Unit vectors are vectors with a magnitude of one. They are important in vector calculus because they provide direction information without altering scale. A unit vector is typically represented with a hat symbol, such as \( \hat{u} \) or \( \hat{v} \).
To find a unit vector in the same direction as any given vector \( \mathbf{a} \), you divide the vector by its magnitude. If \( \mathbf{a} = \langle x, y, z \rangle \), then the unit vector \( \hat{a} \) is given by:

• \( \hat{a} = \frac{\mathbf{a}}{||\mathbf{a}||} = \left\langle \frac{x}{||\mathbf{a}||}, \frac{y}{||\mathbf{a}||}, \frac{z}{||\mathbf{a}||} \right\rangle \)

Unit vectors are often used to represent directions in physics and engineering. They ensure that the direction does not depend on the magnitude, staying within a normalized range of one.

The cross product is an operation on two vectors in three-dimensional space, producing a third vector that is perpendicular to both of the original vectors. The result of a cross product is often crucial in determining perpendicularity and areas. If you have two vectors \( \mathbf{a} = \langle a_1, a_2, a_3 \rangle \) and \( \mathbf{b} = \langle b_1, b_2, b_3 \rangle \), their cross product \( \mathbf{a} \times \mathbf{b} \) is given by:

• \( \mathbf{a} \times \mathbf{b} = \langle a_2b_3 - a_3b_2, a_3b_1 - a_1b_3, a_1b_2 - a_2b_1 \rangle \)

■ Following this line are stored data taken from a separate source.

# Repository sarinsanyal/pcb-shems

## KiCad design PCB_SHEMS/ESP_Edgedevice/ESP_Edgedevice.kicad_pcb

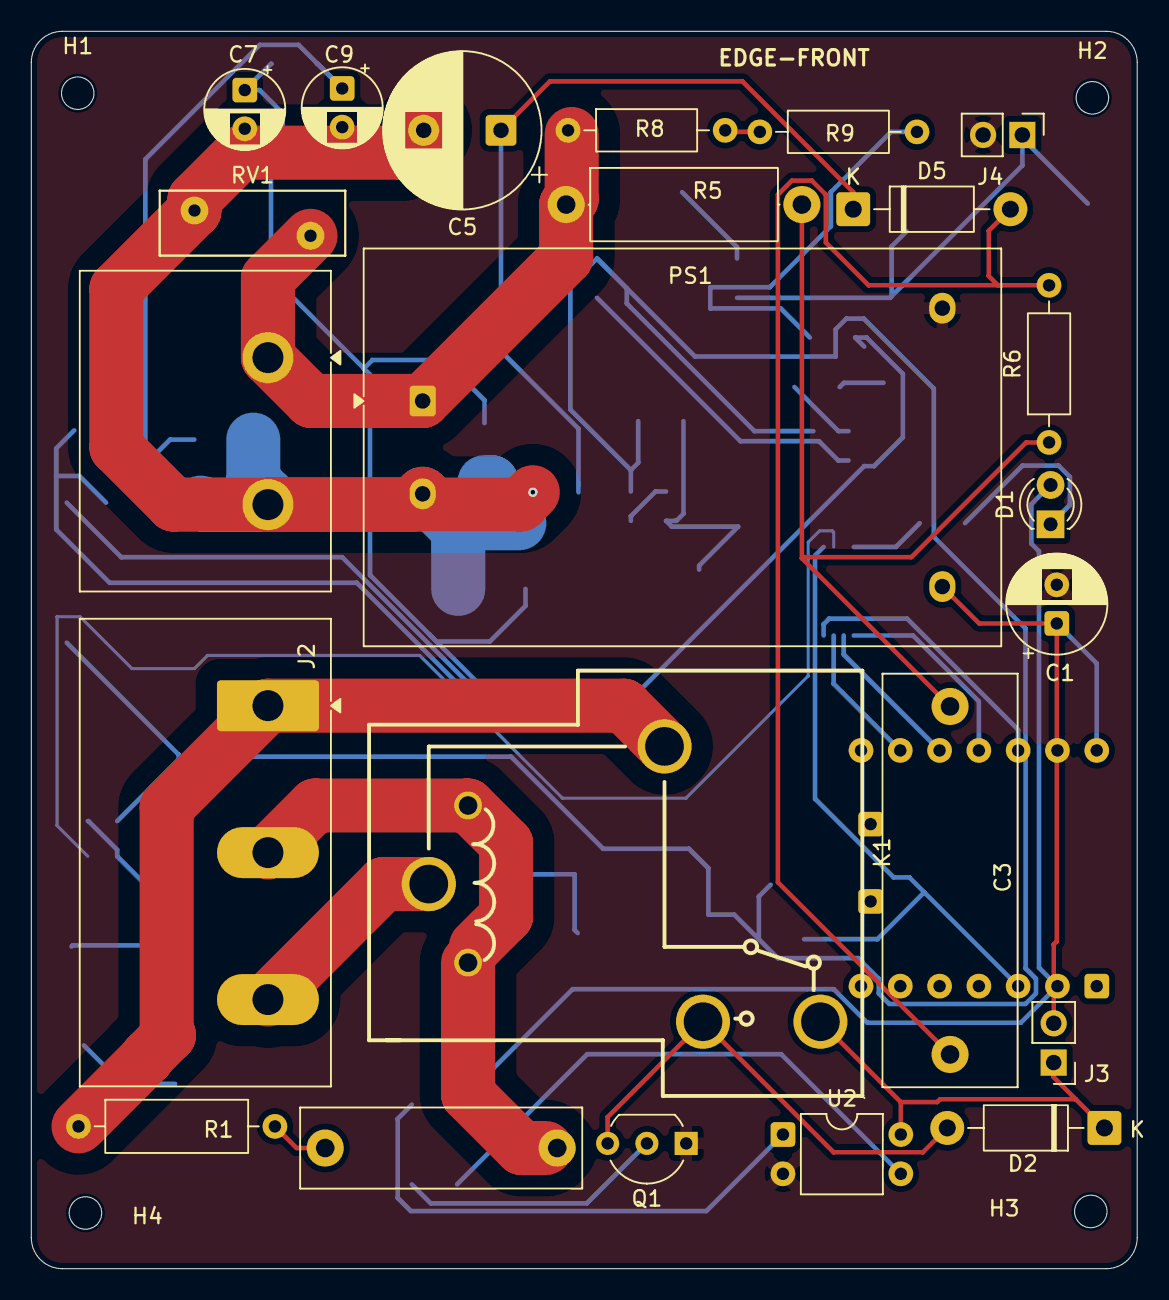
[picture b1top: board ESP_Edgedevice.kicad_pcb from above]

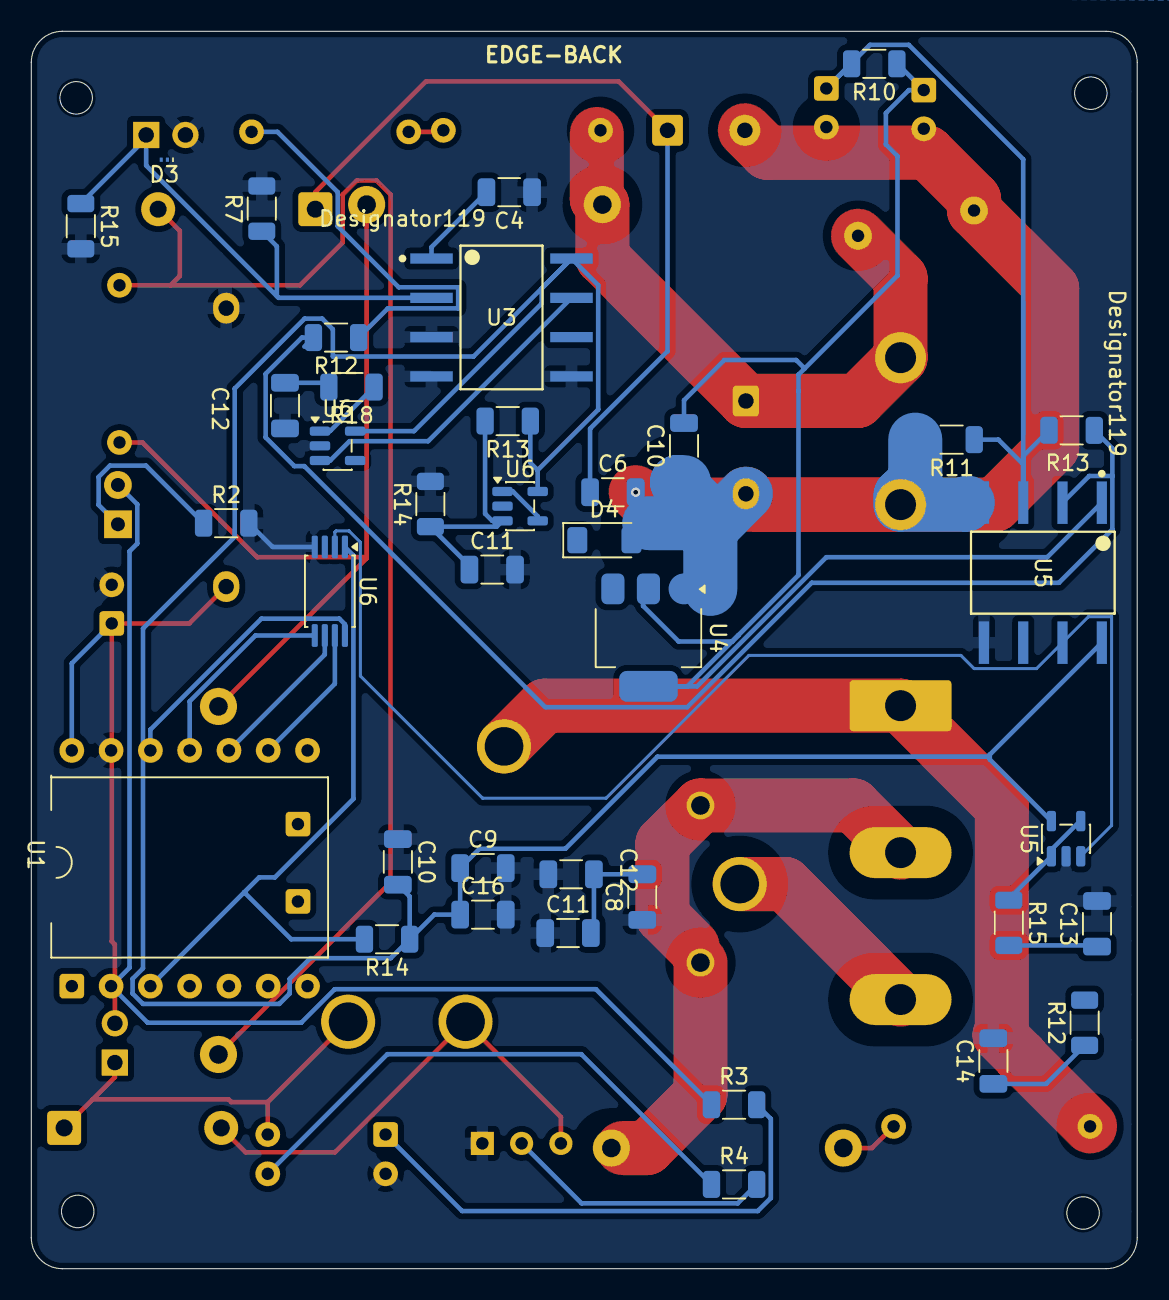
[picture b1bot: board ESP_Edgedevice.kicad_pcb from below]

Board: 2 copper layers, 71.5 x 80.0 mm, 65 parts (38 on the bottom side), 39 nets.

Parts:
C1: 470uF; CP_Radial_D6.3mm_P2.50mm
C2: 100nF X2, 275 V AC; C_Rect_L18.0mm_W5.0mm_P15.00mm_FKS3_FKP3
C3: 470nF X2; C_Rect_L26.5mm_W8.5mm_P22.50mm_MKS4
C4, C8, C9#2, C10, C11, C11#2, C12, C12#2, C13, C14, C16: 100nF; C_1206_3216Metric
C5: 470uF; CP_Radial_D10.0mm_P5.00mm
C6: 10uF; C_1206_3216Metric
C7, C9: 10uF; CP_Radial_D5.0mm_P2.50mm
C10#2: 0.1uF; C_1206_3216Metric
D1: LED; LED_D3.0mm
D2, D5: 1N4007; D_DO-41_SOD81_P10.16mm_Horizontal
D3: D_TVS; Nexperia_DSN0603-2_0.6x0.3mm_P0.4mm
D4: 7.5; D_MiniMELF
H1, H2, H3, H4: MountingHole; MountingHole_2.1mm
J1: Barrier Terminal; TerminalBlock_Ningbo-Kagnex_HB9500M_1x02_P9.5mm
J2: HB9500-9.5-3P; TerminalBlock_Ningbo-Kagnex_HB9500M_1x03_P9.5mm
J3: Conn_01x02_Pin; PinHeader_1x02_P2.54mm_Vertical
J4: Conn_01x02; PinHeader_1x02_P2.54mm_Vertical
K1: SLA-05VDC-SL-C; RELAY-TH_SLA-XXVDC-XX-C
PS1: HLK-5M05; Converter_ACDC_Hi-Link_HLK-5Mxx
Q1: S8050; TO-92_Inline_Wide
R1: 100R; R_Axial_DIN0309_L9.0mm_D3.2mm_P12.70mm_Horizontal
R2, R4, R13#2: 1K; R_1206_3216Metric
R3, R12, R15#2, R18: 1k; R_1206_3216Metric
R5: 220R 1W; R_Axial_DIN0414_L11.9mm_D4.5mm_P15.24mm_Horizontal
R6: 470k; R_Axial_DIN0207_L6.3mm_D2.5mm_P10.16mm_Horizontal
R7: 2.7 Ω, 1206; R_1206_3216Metric
R8, R9: 1M; R_Axial_DIN0207_L6.3mm_D2.5mm_P10.16mm_Horizontal
R10, R11: 100K; R_1206_3216Metric
R12#2: 220K; R_1206_3216Metric
R13, R14, R14#2: 10k; R_1206_3216Metric
R15: 1.2 Ω, (Not 15A); R_1206_3216Metric
RV1: Varistor; RV_Disc_D12mm_W4.2mm_P7.5mm
U1: XIAO ESP32C3; XIAO_Socket_W15.24
U2: PC817X3NSZ1B; DIP-4_W7.62mm
U3, U5: AMC1200SDUBR; DUB0008A-IPC_A
U4: AMS1117-5.0; SOT-223-3_TabPin2
U5#2, U6, U6#2: OPA333xxDBV; SOT-23-5
U6#3: MCP3202; TSSOP-8_4.4x3mm_P0.65mm

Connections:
/+3.3V: C8.2, C9#2.1, C10.2, C11#2.2, C12#2.2, C16.1, R13.1, R14#2.1, U1.12 (VCC_3V3), U3.8 (VDD2), U5.8 (VDD2), U5#2.5 (V+), U6.5 (V+), U6#2.5 (V+), U6#3.8 (VDD/VREF)
/Relay/Jd_VCC: D2.1 (K), J3.1, K1.1, U2.4
/Relay/Relay: D2.2 (A), K1.2, Q1.3 (C)
/voltagesensing.kicad_sch/I_ADC: C12.2, R18.2
/voltagesensing.kicad_sch/I_OUT_P: U3.7 (VOUTP), U6#2.3 (+), U6#3.3 (CH1)
/voltagesensing.kicad_sch/VBIAS: C11.1, R13.2, R14.1, U6.3 (+)
/voltagesensing.kicad_sch/VBIAS_BUF: U6.1, U6.4 (-)
/voltagesensing.kicad_sch/VCC: C4.2, U3.1 (VDD1)
/voltagesensing.kicad_sch/VDD1: C7.1, C10#2.2, R10.1, U4.2 (VO), U5.1 (VDD1)
/voltagesensing.kicad_sch/V_ADC: C13.1, R15#2.2
/voltagesensing.kicad_sch/V_OUT_P: U5.7 (VOUTP), U5#2.3 (+), U6#3.2 (CH0)
COM: C2.2, J2.2, K1.3, K1.4
D2: R14#2.2, U1.3 (D2), U6#3.1 (~CS/SHDN)
D8: U1.9 (D8), U6#3.7 (CLK)
D9: U1.10 (D9), U6#3.6 (DOUT)
D10: U1.11 (D10), U6#3.5 (DIN)
GND: C1.2, C4.1, C8.1, C9#2.2, C10.1, C11.2, C11#2.1, C12.1, C12#2.1, C13.2, C14.2, C16.2, D3.2 (A2), J4.2, PS1.3 (-Vout), Q1.1 (E), R2.2, R7.2, R14.2, R15.2, U1.13 (GND), U2.2, U3.3 (VINN), U3.4 (GND1), U3.5 (GND2), U5.5 (GND2), U5#2.2 (V-), U6.2 (V-), U6#2.2 (V-), U6#3.4 (VSS)
LIVE: J1.1, PS1.1 (AC/L), R5.1, R8.1, RV1.1
NC: J2.3, K1.6
NEUTRAL: C5.2, C6.2, C7.2, C9.2, C10#2.1, D4.2 (A), J1.2, PS1.2 (AC/N), R11.2, RV1.2, U4.1 (GND), U5.4 (GND1)
NO: J2.1, K1.5, R1.1
unnamed: C2.1, R1.2
unnamed: C3.1, R5.2, R6.1
unnamed: D1.1 (K), R2.1
unnamed: D3.1 (A1), J4.1, R7.1, R15.1, U3.2 (VINP)
unnamed: C3.2, D4.1 (K), D5.2 (A), R6.2
unnamed: C5.1, C6.1, D5.1 (K), U4.3 (VI)
unnamed: Q1.2 (B), R4.2
unnamed: R3.2, U2.1
unnamed: R4.1, U2.3
unnamed: R8.2, R9.1
unnamed: R9.2, R12#2.1
unnamed: R15#2.1, U5#2.1, U5#2.4 (-)
unnamed: C9.1, R10.2, R11.1, R13#2.2, U5.3 (VINN)
unnamed: R12#2.2, R13#2.1, U5.2 (VINP)
unnamed: R18.1, U6#2.1, U6#2.4 (-)
unnamed: C14.1, R12.1
RELAY_IN: D1.2 (A), R3.1, U1.2 (D1)
VCC: C1.1, J3.2, PS1.4 (+Vout), U1.14 (VUSB)

In the exercise, the cross product of unit vectors \( \hat{u} \times \hat{v} \) returns a vector with a magnitude of \( \sin \theta \), where \( \theta \) is the angle between \( \hat{u} \) and \( \hat{v} \). This concept shows how cross products are not just about direction but also about magnitude.

An acute angle is any angle that is less than 90 degrees or equivalently, less than \( \frac{\pi}{2} \) radians. When dealing with vectors, angles between them can tell us how they are oriented relative to each other.
In the context of the original exercise, finding the acute angle \( \theta \) where \( \sin \theta = \frac{1}{6} \) is important because it determines when the magnitude of the cross product equals one, making the cross product a unit vector.
To find this angle, you would typically consult trigonometric tables or use an inverse sine function.

The magnitude formula is vital in determining the size or length of a vector. In vector calculus, it's often used alongside operations like cross and dot products. The magnitude of a vector \( \mathbf{v} = \langle x, y, z \rangle \) is calculated as:

• \( ||\mathbf{v}|| = \sqrt{x^2 + y^2 + z^2} \)

For unit vectors, the magnitude is always one. But when you have vectors scaled by constants, like in \( 2\hat{u} \times 3\hat{v} \), the magnitude changes accordingly. The magnitude in the given exercise is \( 6 \sin \theta \), because the constants multiply the unit cross product result of \( \sin \theta \).
Thus, setting \( 6 \sin \theta = 1 \) allowed us to solve for the angle that ensures a unit vector result, showing an application of how magnitude plays into vector scaling.